American actor (born 1990)

Matthew James Shively Jr. (born September 15, 1990) is an American actor best known for his role as Ryan Laserbeam on the Nickelodeon television series True Jackson, VP. Beginning in June 2011, he began appearing on two more Nickelodeon shows: Winx Club as Sky and The Troop as Kirby. He co-starred in the ABC television program The Real O'Neals which debuted on March 8, 2016.

==Early life==
Shively was born in Hanford, California. He became interested in acting in the fourth grade after seeing Shia LaBeouf on the television program Even Stevens, and LaBeouf remains his inspiration for acting. He has been a long-time fan of the Canadian television show Degrassi: The Next Generation. He also had a band with his good friend Sterling Knight named Connecting Channels.

==Career==
Shively had a minor part in the 2007 film Rattle Basket, and another small part on an episode of Zoey 101. He auditioned several times for the part of Ryan on True Jackson, VP, and was told he didn't get it. He was called back two weeks later, tested for the role, and won the part. The show received positive reviews. He voiced Crown Prince Sky on Nickelodeon's Winx Club and in two movies based on the series: Winx Club: The Secret of the Lost Kingdom and Winx Club 3D: Magical Adventure. Shively joined the cast of The Troop in its second (and final) season as the character Kirby Bancroft-Cadworth III.
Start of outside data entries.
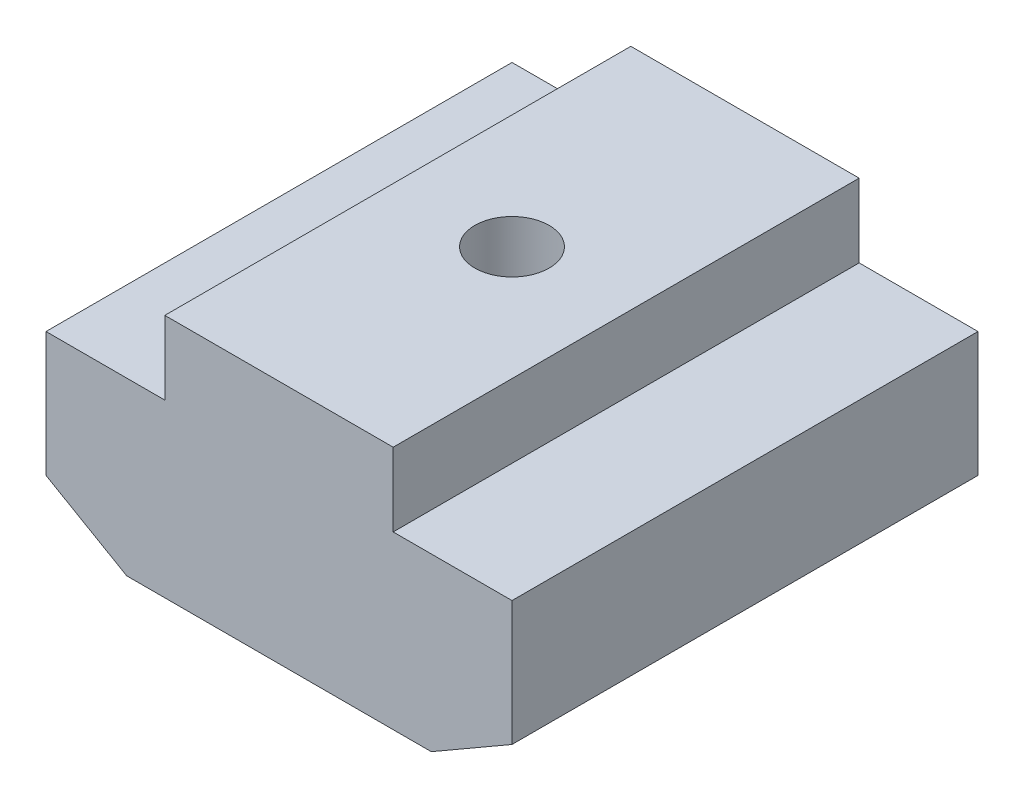
ISO-10303-21;
HEADER;
FILE_DESCRIPTION(('STEP AP214'),'2;1');
FILE_NAME('part.step','',(''),(''),'','','');
FILE_SCHEMA(('AUTOMOTIVE_DESIGN { 1 0 10303 214 1 1 1 1 }'));
ENDSEC;
DATA;
#1=APPLICATION_CONTEXT('core data for automotive mechanical design processes');
#2=APPLICATION_PROTOCOL_DEFINITION('international standard','automotive_design',2000,#1);
#3=PRODUCT_CONTEXT('',#1,'mechanical');
#4=PRODUCT('Part','Part','',(#3));
#5=PRODUCT_RELATED_PRODUCT_CATEGORY('part','',(#4));
#6=PRODUCT_DEFINITION_FORMATION('','',#4);
#7=PRODUCT_DEFINITION_CONTEXT('part definition',#1,'design');
#8=PRODUCT_DEFINITION('design','',#6,#7);
#9=PRODUCT_DEFINITION_SHAPE('','',#8);
#10=(LENGTH_UNIT() NAMED_UNIT(*) SI_UNIT(.MILLI.,.METRE.));
#11=(NAMED_UNIT(*) PLANE_ANGLE_UNIT() SI_UNIT($,.RADIAN.));
#12=(NAMED_UNIT(*) SI_UNIT($,.STERADIAN.) SOLID_ANGLE_UNIT());
#13=UNCERTAINTY_MEASURE_WITH_UNIT(LENGTH_MEASURE(1.E-05),#10,'distance_accuracy_value','');
#14=(GEOMETRIC_REPRESENTATION_CONTEXT(3) GLOBAL_UNCERTAINTY_ASSIGNED_CONTEXT((#13)) GLOBAL_UNIT_ASSIGNED_CONTEXT((#10,
#11,#12)) REPRESENTATION_CONTEXT('',''));
#15=CARTESIAN_POINT('',(0.,0.,0.));
#16=DIRECTION('',(0.,0.,1.));
#17=DIRECTION('',(1.,0.,0.));
#18=AXIS2_PLACEMENT_3D('',#15,#16,#17);
#19=CARTESIAN_POINT('',(-10.,-1.675,0.));
#20=DIRECTION('',(0.50000000000019,0.866025403784329,0.));
#21=DIRECTION('',(0.,0.,-1.));
#22=AXIS2_PLACEMENT_3D('',#19,#20,#21);
#23=PLANE('',#22);
#24=DIRECTION('',(0.,0.,1.));
#25=VECTOR('',#24,1.);
#26=CARTESIAN_POINT('',(-10.,-1.675,0.));
#27=LINE('',#26,#25);
#28=CARTESIAN_POINT('',(-10.,-1.675,-10.));
#29=VERTEX_POINT('',#28);
#30=CARTESIAN_POINT('',(-10.,-1.675,10.));
#31=VERTEX_POINT('',#30);
#32=EDGE_CURVE('E238',#29,#31,#27,.T.);
#33=ORIENTED_EDGE('',*,*,#32,.F.);
#34=DIRECTION('',(0.866025403784329,-0.50000000000019,0.));
#35=VECTOR('',#34,1.);
#36=CARTESIAN_POINT('',(-8.26794919243,-2.675,-10.));
#37=LINE('',#36,#35);
#38=CARTESIAN_POINT('',(-6.53589838486,-3.675,-10.));
#39=VERTEX_POINT('',#38);
#40=EDGE_CURVE('E250',#29,#39,#37,.T.);
#41=ORIENTED_EDGE('',*,*,#40,.T.);
#42=DIRECTION('',(0.,0.,1.));
#43=VECTOR('',#42,1.);
#44=CARTESIAN_POINT('',(-6.53589838486,-3.675,0.));
#45=LINE('',#44,#43);
#46=CARTESIAN_POINT('',(-6.53589838486,-3.675,10.));
#47=VERTEX_POINT('',#46);
#48=EDGE_CURVE('E11',#39,#47,#45,.T.);
#49=ORIENTED_EDGE('',*,*,#48,.T.);
#50=DIRECTION('',(-0.866025403784329,0.50000000000019,0.));
#51=VECTOR('',#50,1.);
#52=CARTESIAN_POINT('',(-8.26794919243,-2.675,10.));
#53=LINE('',#52,#51);
#54=EDGE_CURVE('E20',#47,#31,#53,.T.);
#55=ORIENTED_EDGE('',*,*,#54,.T.);
#56=EDGE_LOOP('',(#33,#41,#49,#55));
#57=FACE_BOUND('',#56,.T.);
#58=ADVANCED_FACE('F17',(#57),#23,.F.);
#59=CARTESIAN_POINT('',(10.,-3.675,0.));
#60=DIRECTION('',(0.,1.,0.));
#61=DIRECTION('',(1.,0.,0.));
#62=AXIS2_PLACEMENT_3D('',#59,#60,#61);
#63=PLANE('',#62);
#64=CARTESIAN_POINT('',(0.,-3.675,0.));
#65=DIRECTION('',(0.,1.,0.));
#66=DIRECTION('',(1.,0.,0.));
#67=AXIS2_PLACEMENT_3D('',#64,#65,#66);
#68=CIRCLE('',#67,2.4585);
#69=CARTESIAN_POINT('',(-2.4585,-3.675,0.));
#70=VERTEX_POINT('',#69);
#71=CARTESIAN_POINT('',(2.4585,-3.675,0.));
#72=VERTEX_POINT('',#71);
#73=EDGE_CURVE('E299',#70,#72,#68,.T.);
#74=ORIENTED_EDGE('',*,*,#73,.T.);
#75=CARTESIAN_POINT('',(0.,-3.675,0.));
#76=DIRECTION('',(0.,1.,0.));
#77=DIRECTION('',(1.,0.,0.));
#78=AXIS2_PLACEMENT_3D('',#75,#76,#77);
#79=CIRCLE('',#78,2.4585);
#80=EDGE_CURVE('E273',#72,#70,#79,.T.);
#81=ORIENTED_EDGE('',*,*,#80,.T.);
#82=EDGE_LOOP('',(#74,#81));
#83=FACE_BOUND('',#82,.T.);
#84=ORIENTED_EDGE('',*,*,#48,.F.);
#85=DIRECTION('',(1.,0.,0.));
#86=VECTOR('',#85,1.);
#87=CARTESIAN_POINT('',(0.,-3.675,-10.));
#88=LINE('',#87,#86);
#89=CARTESIAN_POINT('',(6.53589838486,-3.675,-10.));
#90=VERTEX_POINT('',#89);
#91=EDGE_CURVE('E252',#39,#90,#88,.T.);
#92=ORIENTED_EDGE('',*,*,#91,.T.);
#93=DIRECTION('',(0.,0.,1.));
#94=VECTOR('',#93,1.);
#95=CARTESIAN_POINT('',(6.53589838486,-3.675,0.));
#96=LINE('',#95,#94);
#97=CARTESIAN_POINT('',(6.53589838486,-3.675,10.));
#98=VERTEX_POINT('',#97);
#99=EDGE_CURVE('E155',#90,#98,#96,.T.);
#100=ORIENTED_EDGE('',*,*,#99,.T.);
#101=DIRECTION('',(1.,0.,0.));
#102=VECTOR('',#101,1.);
#103=CARTESIAN_POINT('',(0.,-3.675,10.));
#104=LINE('',#103,#102);
#105=EDGE_CURVE('E254',#47,#98,#104,.T.);
#106=ORIENTED_EDGE('',*,*,#105,.F.);
#107=EDGE_LOOP('',(#84,#92,#100,#106));
#108=FACE_BOUND('',#107,.T.);
#109=ADVANCED_FACE('F332',(#83,#108),#63,.F.);
#110=CARTESIAN_POINT('',(0.,0.,10.));
#111=DIRECTION('',(0.,0.,1.));
#112=DIRECTION('',(1.,0.,0.));
#113=AXIS2_PLACEMENT_3D('',#110,#111,#112);
#114=PLANE('',#113);
#115=ORIENTED_EDGE('',*,*,#105,.T.);
#116=DIRECTION('',(-0.866025403784329,-0.50000000000019,0.));
#117=VECTOR('',#116,1.);
#118=CARTESIAN_POINT('',(8.26794919243,-2.675,10.));
#119=LINE('',#118,#117);
#120=CARTESIAN_POINT('',(10.,-1.675,10.));
#121=VERTEX_POINT('',#120);
#122=EDGE_CURVE('E149',#121,#98,#119,.T.);
#123=ORIENTED_EDGE('',*,*,#122,.F.);
#124=DIRECTION('',(0.,1.,0.));
#125=VECTOR('',#124,1.);
#126=CARTESIAN_POINT('',(10.,1.,10.));
#127=LINE('',#126,#125);
#128=CARTESIAN_POINT('',(10.,3.675,10.));
#129=VERTEX_POINT('',#128);
#130=EDGE_CURVE('E142',#121,#129,#127,.T.);
#131=ORIENTED_EDGE('',*,*,#130,.T.);
#132=DIRECTION('',(-1.,0.,0.));
#133=VECTOR('',#132,1.);
#134=CARTESIAN_POINT('',(7.45,3.675,10.));
#135=LINE('',#134,#133);
#136=CARTESIAN_POINT('',(4.9,3.675,10.));
#137=VERTEX_POINT('',#136);
#138=EDGE_CURVE('E146',#129,#137,#135,.T.);
#139=ORIENTED_EDGE('',*,*,#138,.T.);
#140=DIRECTION('',(0.,1.,0.));
#141=VECTOR('',#140,1.);
#142=CARTESIAN_POINT('',(4.9,5.25,10.));
#143=LINE('',#142,#141);
#144=CARTESIAN_POINT('',(4.9,6.825,10.));
#145=VERTEX_POINT('',#144);
#146=EDGE_CURVE('E221',#137,#145,#143,.T.);
#147=ORIENTED_EDGE('',*,*,#146,.T.);
#148=DIRECTION('',(-1.,0.,0.));
#149=VECTOR('',#148,1.);
#150=CARTESIAN_POINT('',(0.,6.825,10.));
#151=LINE('',#150,#149);
#152=CARTESIAN_POINT('',(-4.9,6.825,10.));
#153=VERTEX_POINT('',#152);
#154=EDGE_CURVE('E206',#145,#153,#151,.T.);
#155=ORIENTED_EDGE('',*,*,#154,.T.);
#156=DIRECTION('',(0.,-1.,0.));
#157=VECTOR('',#156,1.);
#158=CARTESIAN_POINT('',(-4.9,5.25,10.));
#159=LINE('',#158,#157);
#160=CARTESIAN_POINT('',(-4.9,3.675,10.));
#161=VERTEX_POINT('',#160);
#162=EDGE_CURVE('E205',#153,#161,#159,.T.);
#163=ORIENTED_EDGE('',*,*,#162,.T.);
#164=DIRECTION('',(-1.,0.,0.));
#165=VECTOR('',#164,1.);
#166=CARTESIAN_POINT('',(-7.45,3.675,10.));
#167=LINE('',#166,#165);
#168=CARTESIAN_POINT('',(-10.,3.675,10.));
#169=VERTEX_POINT('',#168);
#170=EDGE_CURVE('E194',#161,#169,#167,.T.);
#171=ORIENTED_EDGE('',*,*,#170,.T.);
#172=DIRECTION('',(0.,-1.,0.));
#173=VECTOR('',#172,1.);
#174=CARTESIAN_POINT('',(-10.,1.,10.));
#175=LINE('',#174,#173);
#176=EDGE_CURVE('E242',#169,#31,#175,.T.);
#177=ORIENTED_EDGE('',*,*,#176,.T.);
#178=ORIENTED_EDGE('',*,*,#54,.F.);
#179=EDGE_LOOP('',(#115,#123,#131,#139,#147,#155,#163,#171,#177,#178));
#180=FACE_BOUND('',#179,.T.);
#181=ADVANCED_FACE('F144',(#180),#114,.T.);
#182=CARTESIAN_POINT('',(0.,0.,-10.));
#183=DIRECTION('',(0.,0.,1.));
#184=DIRECTION('',(1.,0.,0.));
#185=AXIS2_PLACEMENT_3D('',#182,#183,#184);
#186=PLANE('',#185);
#187=ORIENTED_EDGE('',*,*,#40,.F.);
#188=DIRECTION('',(0.,-1.,0.));
#189=VECTOR('',#188,1.);
#190=CARTESIAN_POINT('',(-10.,1.,-10.));
#191=LINE('',#190,#189);
#192=CARTESIAN_POINT('',(-10.,3.675,-10.));
#193=VERTEX_POINT('',#192);
#194=EDGE_CURVE('E246',#193,#29,#191,.T.);
#195=ORIENTED_EDGE('',*,*,#194,.F.);
#196=DIRECTION('',(-1.,0.,0.));
#197=VECTOR('',#196,1.);
#198=CARTESIAN_POINT('',(-7.45,3.675,-10.));
#199=LINE('',#198,#197);
#200=CARTESIAN_POINT('',(-4.9,3.675,-10.));
#201=VERTEX_POINT('',#200);
#202=EDGE_CURVE('E186',#201,#193,#199,.T.);
#203=ORIENTED_EDGE('',*,*,#202,.F.);
#204=DIRECTION('',(0.,-1.,0.));
#205=VECTOR('',#204,1.);
#206=CARTESIAN_POINT('',(-4.9,5.25,-10.));
#207=LINE('',#206,#205);
#208=CARTESIAN_POINT('',(-4.9,6.825,-10.));
#209=VERTEX_POINT('',#208);
#210=EDGE_CURVE('E202',#209,#201,#207,.T.);
#211=ORIENTED_EDGE('',*,*,#210,.F.);
#212=DIRECTION('',(-1.,0.,0.));
#213=VECTOR('',#212,1.);
#214=CARTESIAN_POINT('',(0.,6.825,-10.));
#215=LINE('',#214,#213);
#216=CARTESIAN_POINT('',(4.9,6.825,-10.));
#217=VERTEX_POINT('',#216);
#218=EDGE_CURVE('E210',#217,#209,#215,.T.);
#219=ORIENTED_EDGE('',*,*,#218,.F.);
#220=DIRECTION('',(0.,1.,0.));
#221=VECTOR('',#220,1.);
#222=CARTESIAN_POINT('',(4.9,5.25,-10.));
#223=LINE('',#222,#221);
#224=CARTESIAN_POINT('',(4.9,3.675,-10.));
#225=VERTEX_POINT('',#224);
#226=EDGE_CURVE('E213',#225,#217,#223,.T.);
#227=ORIENTED_EDGE('',*,*,#226,.F.);
#228=DIRECTION('',(-1.,0.,0.));
#229=VECTOR('',#228,1.);
#230=CARTESIAN_POINT('',(7.45,3.675,-10.));
#231=LINE('',#230,#229);
#232=CARTESIAN_POINT('',(10.,3.675,-10.));
#233=VERTEX_POINT('',#232);
#234=EDGE_CURVE('E172',#233,#225,#231,.T.);
#235=ORIENTED_EDGE('',*,*,#234,.F.);
#236=DIRECTION('',(0.,1.,0.));
#237=VECTOR('',#236,1.);
#238=CARTESIAN_POINT('',(10.,1.,-10.));
#239=LINE('',#238,#237);
#240=CARTESIAN_POINT('',(10.,-1.675,-10.));
#241=VERTEX_POINT('',#240);
#242=EDGE_CURVE('E156',#241,#233,#239,.T.);
#243=ORIENTED_EDGE('',*,*,#242,.F.);
#244=DIRECTION('',(0.866025403784329,0.50000000000019,0.));
#245=VECTOR('',#244,1.);
#246=CARTESIAN_POINT('',(8.26794919243,-2.675,-10.));
#247=LINE('',#246,#245);
#248=EDGE_CURVE('E233',#90,#241,#247,.T.);
#249=ORIENTED_EDGE('',*,*,#248,.F.);
#250=ORIENTED_EDGE('',*,*,#91,.F.);
#251=EDGE_LOOP('',(#187,#195,#203,#211,#219,#227,#235,#243,#249,#250));
#252=FACE_BOUND('',#251,.T.);
#253=ADVANCED_FACE('F343',(#252),#186,.F.);
#254=CARTESIAN_POINT('',(-10.,-3.675,0.));
#255=DIRECTION('',(1.,0.,0.));
#256=DIRECTION('',(0.,1.,0.));
#257=AXIS2_PLACEMENT_3D('',#254,#255,#256);
#258=PLANE('',#257);
#259=ORIENTED_EDGE('',*,*,#32,.T.);
#260=ORIENTED_EDGE('',*,*,#176,.F.);
#261=DIRECTION('',(0.,0.,1.));
#262=VECTOR('',#261,1.);
#263=CARTESIAN_POINT('',(-10.,3.675,0.));
#264=LINE('',#263,#262);
#265=EDGE_CURVE('E190',#193,#169,#264,.T.);
#266=ORIENTED_EDGE('',*,*,#265,.F.);
#267=ORIENTED_EDGE('',*,*,#194,.T.);
#268=EDGE_LOOP('',(#259,#260,#266,#267));
#269=FACE_BOUND('',#268,.T.);
#270=ADVANCED_FACE('F339',(#269),#258,.F.);
#271=CARTESIAN_POINT('',(10.,-1.675,0.));
#272=DIRECTION('',(-0.50000000000019,0.866025403784329,0.));
#273=DIRECTION('',(0.,0.,1.));
#274=AXIS2_PLACEMENT_3D('',#271,#272,#273);
#275=PLANE('',#274);
#276=ORIENTED_EDGE('',*,*,#99,.F.);
#277=ORIENTED_EDGE('',*,*,#248,.T.);
#278=DIRECTION('',(0.,0.,1.));
#279=VECTOR('',#278,1.);
#280=CARTESIAN_POINT('',(10.,-1.675,0.));
#281=LINE('',#280,#279);
#282=EDGE_CURVE('E209',#241,#121,#281,.T.);
#283=ORIENTED_EDGE('',*,*,#282,.T.);
#284=ORIENTED_EDGE('',*,*,#122,.T.);
#285=EDGE_LOOP('',(#276,#277,#283,#284));
#286=FACE_BOUND('',#285,.T.);
#287=ADVANCED_FACE('F348',(#286),#275,.F.);
#288=CARTESIAN_POINT('',(10.,3.675,0.));
#289=DIRECTION('',(-1.,0.,0.));
#290=DIRECTION('',(0.,0.,1.));
#291=AXIS2_PLACEMENT_3D('',#288,#289,#290);
#292=PLANE('',#291);
#293=ORIENTED_EDGE('',*,*,#282,.F.);
#294=ORIENTED_EDGE('',*,*,#242,.T.);
#295=DIRECTION('',(0.,0.,1.));
#296=VECTOR('',#295,1.);
#297=CARTESIAN_POINT('',(10.,3.675,0.));
#298=LINE('',#297,#296);
#299=EDGE_CURVE('E162',#233,#129,#298,.T.);
#300=ORIENTED_EDGE('',*,*,#299,.T.);
#301=ORIENTED_EDGE('',*,*,#130,.F.);
#302=EDGE_LOOP('',(#293,#294,#300,#301));
#303=FACE_BOUND('',#302,.T.);
#304=ADVANCED_FACE('F168',(#303),#292,.F.);
#305=CARTESIAN_POINT('',(-4.9,6.825,0.));
#306=DIRECTION('',(0.,-1.,0.));
#307=DIRECTION('',(0.,0.,-1.));
#308=AXIS2_PLACEMENT_3D('',#305,#306,#307);
#309=PLANE('',#308);
#310=CARTESIAN_POINT('',(0.,6.825,0.));
#311=DIRECTION('',(0.,-1.,0.));
#312=DIRECTION('',(1.,0.,0.));
#313=AXIS2_PLACEMENT_3D('',#310,#311,#312);
#314=CIRCLE('',#313,1.59247459622);
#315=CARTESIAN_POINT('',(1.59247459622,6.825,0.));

Shively's film career began in 2011, when he was cast in a minor role in the horror comedy April Apocalypse. Shively played one of the leads in the horror film Paranormal Activity 4. The film was released October 18, 2012. Justin Lowe, writing for the Associated Press, called Shively "likable enough", while generally panning the film. Rafer Guzman of Newsday agreed. Andy Webster of the New York Times found Shively's performance "delightful" and generally praised the picture. Shively co-starred in the comedy Noobz, which was released in theaters in late January 2013. He played one of four geeky friends who attempt to win a video gaming contest.

Shively also appeared the independent feature film Bucky and the Squirrels, a 2014 mockumentary directed by Allan Katz about a wacky 1960s psychedelic rock band whose airplane crashes in snowy mountains. Frozen alive, the band is thawed out in the 21st century. Shively also had a leading role in the 2014 film Expelled as the main character's best friend, Danny.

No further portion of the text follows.